Затем, выложившись, я сидел и отдыхал, глядя на университет – старинное благородное здание в обрамлении темноты, возвышающееся на фоне погасшего на западе небосклона. Шансы на то, что я когда-либо буду учиться там, стали теперь удручающе малы, однако, восстановив дыхание, я, движимый неистребимой тоской, поднимался на холм и бродил по огороженной территории. Проходя через пустынные крытые аркады, я читал над дверями названия лекционных залов, всегда останавливаясь у факультета биологии, где сквозь закрытые двери улавливал запахи карбофуксина[98] и канадского бальзама.

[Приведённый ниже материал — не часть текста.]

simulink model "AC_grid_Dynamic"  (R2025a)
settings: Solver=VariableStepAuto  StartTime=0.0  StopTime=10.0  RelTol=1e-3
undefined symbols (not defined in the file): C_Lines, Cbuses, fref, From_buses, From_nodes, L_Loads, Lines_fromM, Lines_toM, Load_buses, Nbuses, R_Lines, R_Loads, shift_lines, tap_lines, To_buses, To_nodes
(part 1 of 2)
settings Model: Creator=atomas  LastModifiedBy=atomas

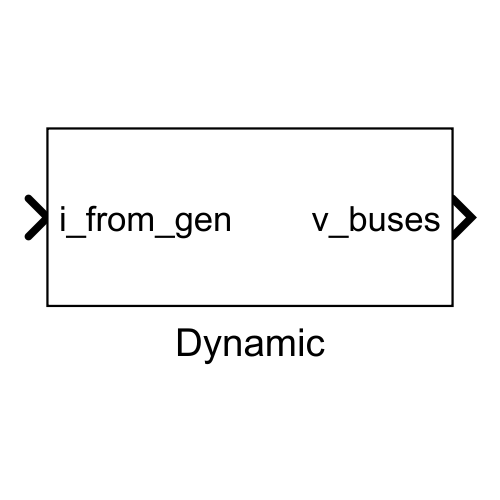
[thumbnail: Simulink's stored preview of the top-level diagram]
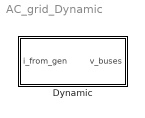
== system AC_grid_Dynamic ==
  Dynamic : Subsystem  VariantControl=Dynamic

== system AC_grid_Dynamic/Dynamic ==
  i_from_gen : Inport
  Buses : Subsystem
  Goto Tag Visibility : GotoTagVisibility  GotoTag=Cbuses
  Lines : Subsystem
  Lines to buses : Subsystem
  Loads : Subsystem
  Loads to buses : Subsystem
  Selector2 : Selector  NumberOfDimensions=2  InputPortWidth=Nnodes  IndexOptions=Select all,Index vector (dialog)  Indices=1,Load_buses  OutputSizes=1,1
  Selector4 : Selector  NumberOfDimensions=2  InputPortWidth=Nnodes  IndexOptions=Select all,Index vector (dialog)  Indices=From_nodes,From_buses  OutputSizes=1,1
  Selector6 : Selector  NumberOfDimensions=2  InputPortWidth=Nnodes  IndexOptions=Select all,Index vector (dialog)  Indices=To_nodes,To_buses  OutputSizes=1,1
  Step : Step  Before=ones(1, length(From_buses))  After=[1 ones(1, length(From_buses)-1)]  SampleTime=0
  Sum : Sum  Inputs=++|
  Sum1 : Sum  Inputs=|++
  connect : Subsystem
  iCbuses : Subsystem
  iP : Subsystem
  v_buses : Outport
  tag scope: Cbuses=scoped
  wires:
  iCbuses/1(Out1) -> [Cbuses]
  Lines/1(i) -> Lines to buses/1(i)
  Lines to buses/1(i_in_buses) -> [i_from_lines]
  Sum1/1 -> Buses/2(i_out)
  i_from_gen/1 -> Sum/1
  Step/1 -> Lines/3(connected), iCbuses/1(In1)
  [i_to_lines] -> Sum1/2
  [v_buses] -> Selector4/1
  Selector2/1 -> Loads/1(v_in)
  Selector4/1 -> Lines/1(v_in)
  Sum/1 -> Buses/1(i_in)
  Loads/1(i) -> Loads to buses/1(i_loads)
  [v_buses] -> Selector6/1
  connect/1(Out1) -> Loads/2(connected)
  [v_buses] -> Selector2/1
  Selector6/1 -> Lines/2(v_out)
  iP/1(Out1) -> Loads/3(iP)
  Loads to buses/1(i_out_buses) -> [i_to_loads]
  Lines to buses/2(i_out_buses) -> [i_to_lines]
  [i_to_loads] -> Sum1/1
  [i_from_lines] -> Sum/2
  Buses/1(v) -> v_buses/1, [v_buses]

== system AC_grid_Dynamic/Dynamic/Buses ==
  i_in : Inport
  i_out : Inport  Port=2
  Sum : Sum  Inputs=|++++
  dynamic : Subsystem  VariantControl=dynamic
  only R : Subsystem  Commented=on  VariantControl=only R
  static : Subsystem  Commented=on  VariantControl=static
  static omega : Subsystem  Commented=on  VariantControl=static omega
  v : Outport
  wires:
  Sum/1 -> v/1
  static/1(v) -> Sum/2
  only R/1(v) -> Sum/4
  i_in/1 -> dynamic/1(i_in), static/1(i_in), static omega/1(i_in), only R/1(i_in)
  dynamic/1(v) -> Sum/1
  i_out/1 -> dynamic/2(i_out), static/2(i_out), static omega/2(i_out), only R/2(i_out)
  static omega/1(v) -> Sum/3

== system AC_grid_Dynamic/Dynamic/Lines ==
  note: tap transformer
  v_in : Inport
  v_out : Inport  Port=2
  connected : Inport  Port=3
  Complex to Real-Imag : ComplexToRealImag
  Constant1 : Constant  Value=zeros(1, length(R_Lines))  VectorParams1D=off
  Gain : Gain  Gain=1./tap_lines.*(cos(shift_lines)-1i*sin(shift_lines))
  Matrix Concatenate : Concatenate  NumInputs=3  Mode=Multidimensional array
  Real-Imag to Complex : RealImagToComplex
  Selector : Selector  NumberOfDimensions=2  InputPortWidth=3  IndexOptions=Index vector (dialog),Select all  Indices=1,1  OutputSizes=1,1
  Selector1 : Selector  NumberOfDimensions=2  InputPortWidth=3  IndexOptions=Index vector (dialog),Select all  Indices=2,1  OutputSizes=1,1
  Sum : Sum  Inputs=|+++
  dynamic : Subsystem  VariantControl=dynamic
  static : Subsystem  Commented=on  VariantControl=static
  static omega : Subsystem  Commented=on  VariantControl=static_omega
  i : Outport
  wires:
  Real-Imag to Complex/1 -> Gain/1
  Gain/1 -> Complex to Real-Imag/1
  Selector1/1 -> Real-Imag to Complex/2
  Selector/1 -> Real-Imag to Complex/1
  Complex to Real-Imag/2 -> Matrix Concatenate/2
  Complex to Real-Imag/1 -> Matrix Concatenate/1
  Constant1/1 -> Matrix Concatenate/3
  v_in/1 -> Selector/1, Selector1/1
  Sum/1 -> i/1
  static omega/1(i) -> Sum/3
  static/1(i) -> Sum/2
  dynamic/1(i) -> Sum/1
  Matrix Concatenate/1 -> dynamic/1(v_in_d), static omega/1(v_in_d), static/1(v_in)
  v_out/1 -> dynamic/2(v_out), static/2(v_out_d), static omega/2(v_out)
  connected/1 -> dynamic/3(connected), static omega/3(connected), static/3(connected)

== system AC_grid_Dynamic/Dynamic/Lines to buses ==
  i : Inport
  Complex to Real-Imag : ComplexToRealImag
  Constant1 : Constant  Value=zeros(1, length(R_Lines))  VectorParams1D=off
  Gain : Gain  Gain=1./tap_lines.*(cos(shift_lines)-1i*sin(shift_lines))
  Lines_toM : Subsystem  TreatAsAtomicUnit=on
  Matrix Concatenate : Concatenate  NumInputs=3  Mode=Multidimensional array
  Real-Imag to Complex : RealImagToComplex
  Selector : Selector  NumberOfDimensions=2  InputPortWidth=3  IndexOptions=Index vector (dialog),Select all  Indices=1,1  OutputSizes=1,1
  Selector1 : Selector  NumberOfDimensions=2  InputPortWidth=3  IndexOptions=Index vector (dialog),Select all  Indices=2,1  OutputSizes=1,1
  i_in_buses : Outport
  i_out_buses : Outport  Port=2
  wires:
  Constant1/1 -> Matrix Concatenate/3
  Gain/1 -> Complex to Real-Imag/1
  Complex to Real-Imag/2 -> Matrix Concatenate/2
  Complex to Real-Imag/1 -> Matrix Concatenate/1
  Selector/1 -> Real-Imag to Complex/1
  Selector1/1 -> Real-Imag to Complex/2
  Real-Imag to Complex/1 -> Gain/1
  Matrix Concatenate/1 -> Lines_toM/2(i_from)
  Lines_toM/1(i_from_lines) -> i_in_buses/1
  i/1 -> Selector/1, Selector1/1, Lines_toM/1(i_to)
  Lines_toM/2(i_to_lines) -> i_out_buses/1

== system AC_grid_Dynamic/Dynamic/Loads ==
  v_in : Inport
  connected : Inport  Port=2
  iP : Inport  Port=3
  PQ : Subsystem  Commented=on  VariantControl=PQ
  Sum : Sum  Inputs=|++++++++
  dynamic PQ : Subsystem  Commented=on  VariantControl=dynamic_PQ
  parallel RL dynamic : Subsystem  Commented=on  VariantControl=dynamic
  parallel RL static : Subsystem  Commented=on  VariantControl=dynamic
  parallel RL static omega : Subsystem  Commented=on  VariantControl=dynamic
  series RL dynamic : Subsystem  Commented=on  VariantControl=dynamic
  series RL static : Subsystem  Commented=on  VariantControl=static
  series RL static omega : Subsystem  VariantControl=static_omega
  i : Outport
  wires:
  parallel RL static omega/1(i) -> Sum/8
  parallel RL static/1(i) -> Sum/7
  parallel RL dynamic/1(i) -> Sum/6
  Sum/1 -> i/1
  series RL static omega/1(i) -> Sum/3
  dynamic PQ/1(i) -> Sum/5
  PQ/1(i) -> Sum/4
  series RL static/1(i) -> Sum/2
  iP/1 -> dynamic PQ/3(iP), PQ/3(iP)
  connected/1 -> series RL static/1(connected), series RL static omega/2(connected), PQ/2(connected), dynamic PQ/2(connected), parallel RL static/2(connected), parallel RL static omega/2(connected), parallel RL dynamic/2(connected), series RL dynamic/2(connected)
  series RL dynamic/1(i) -> Sum/1
  v_in/1 -> series RL static/2(v_in), series RL static omega/1(v_in), PQ/1(v_in), dynamic PQ/1(v_in), parallel RL static/1(v_in), parallel RL static omega/1(v_in), parallel RL dynamic/1(v_in), series RL dynamic/1(v_in)

== system AC_grid_Dynamic/Dynamic/Loads to buses ==
  i_loads : Inport
  LoadsM : Subsystem  TreatAsAtomicUnit=on
  i_out_buses : Outport
  wires:
  LoadsM/1(Out1) -> i_out_buses/1
  i_loads/1 -> LoadsM/1(i)

== system AC_grid_Dynamic/Dynamic/connect ==
  note: in which load?
      | By default, the max(P)
  Assignment : Assignment  DiagnosticForDimensions=Warning  IndexOptions=Index vector (dialog)  Indices=1  OutputSizes=1
  One3 : Constant  Value=ones(1, length(L_Loads))  VectorParams1D=off  OutDataTypeStr=Inherit: Inherit via back propagation
  Step : Step  Before=1  SampleTime=0
  Out1 : Outport
  wires:
  Step/1 -> Assignment/2
  One3/1 -> Assignment/1
  Assignment/1 -> Out1/1

== system AC_grid_Dynamic/Dynamic/iCbuses ==
  In1 : Inport
  Constant : Constant  Value=Cbuses  VectorParams1D=off
  Constant1 : Constant  Value=C_Lines  VectorParams1D=off
  Gain : Gain  Gain=1/2
  Saturation : Saturate  UpperLimit=inf  LowerLimit=1e-3
  Subsystem : Subsystem
  Sum3 : Sum  Inputs=|-+
  Switch : Switch  Criteria=u2 > Threshold  SaturateOnIntegerOverflow=off  InputSameDT=off
  Zero : Constant  Value=zeros(1, length(From_buses))  VectorParams1D=off  OutDataTypeStr=Inherit: Inherit via back propagation
  Out1 : Outport
  wires:
  Subsystem/1(Out1) -> Sum3/1
  In1/1 -> Switch/2
  Constant1/1 -> Switch/3
  Gain/1 -> Subsystem/1(In1)
  Constant/1 -> Sum3/2
  Saturation/1 -> Out1/1
  Zero/1 -> Switch/1
  Sum3/1 -> Saturation/1
  Switch/1 -> Gain/1

== system AC_grid_Dynamic/Dynamic/iP ==
  note: in which load?
      | By default, the max(P)
  Assignment : Assignment  DiagnosticForDimensions=Warning  IndexOptions=Index vector (dialog)  Indices=find(Ploads == max(Ploads), 1)  OutputSizes=1
  Gain : Gain  Gain=0
  One3 : Constant  Value=zeros(1, length(L_Loads))  VectorParams1D=off  OutDataTypeStr=Inherit: Inherit via back propagation
  iP in % : Step  After=0.1  SampleTime=0  VectorParams1D=off  ZeroCross=off
  Out1 : Outport
  wires:
  Gain/1 -> Assignment/2
  Assignment/1 -> Out1/1
  iP in %/1 -> Gain/1
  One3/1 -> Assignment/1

Затем, повернув к городу, я чувствовал, что погряз в беспросветных днях и что моя жизнь пропадает в скучной и бесполезной рутине.

Глава двадцать четвертая

Однажды днем, когда я медленно шел по Юнион-стрит, возвращаясь после выполнения какого-то поручения Лео, из отеля «Критерион» вышел исключительно элегантный молодой человек с непокрытой головой – он сопровождал стильную, но довольно крикливо одетую женщину несколько старше себя. Я мгновенно его узнал, как и он меня, и, когда наши взгляды встретились, я инстинктивно позвал: «Теренс».

Он сделал вид, что не слышит меня. Избегая моего взгляда и продолжая самым оживленным образом обращаться к своей спутнице, он прошел мимо, как будто я был пустым местом, оставив меня стоять как последнего дурака, отвергнутого и оскорбленного. Чуть поодаль, напротив входа в гриль-бар отеля, кого-то ждал открытый красный автомобиль «аргайл», с сиденьями, обитыми красной кожей, и с шофером за рулем. К этому дорогому транспортному средству Теренс и сопроводил свою подругу, со всяческими знаками внимания помог ей сесть, а затем, после оживленного и нежного прощания, посмотрел вслед отъехавшему авто.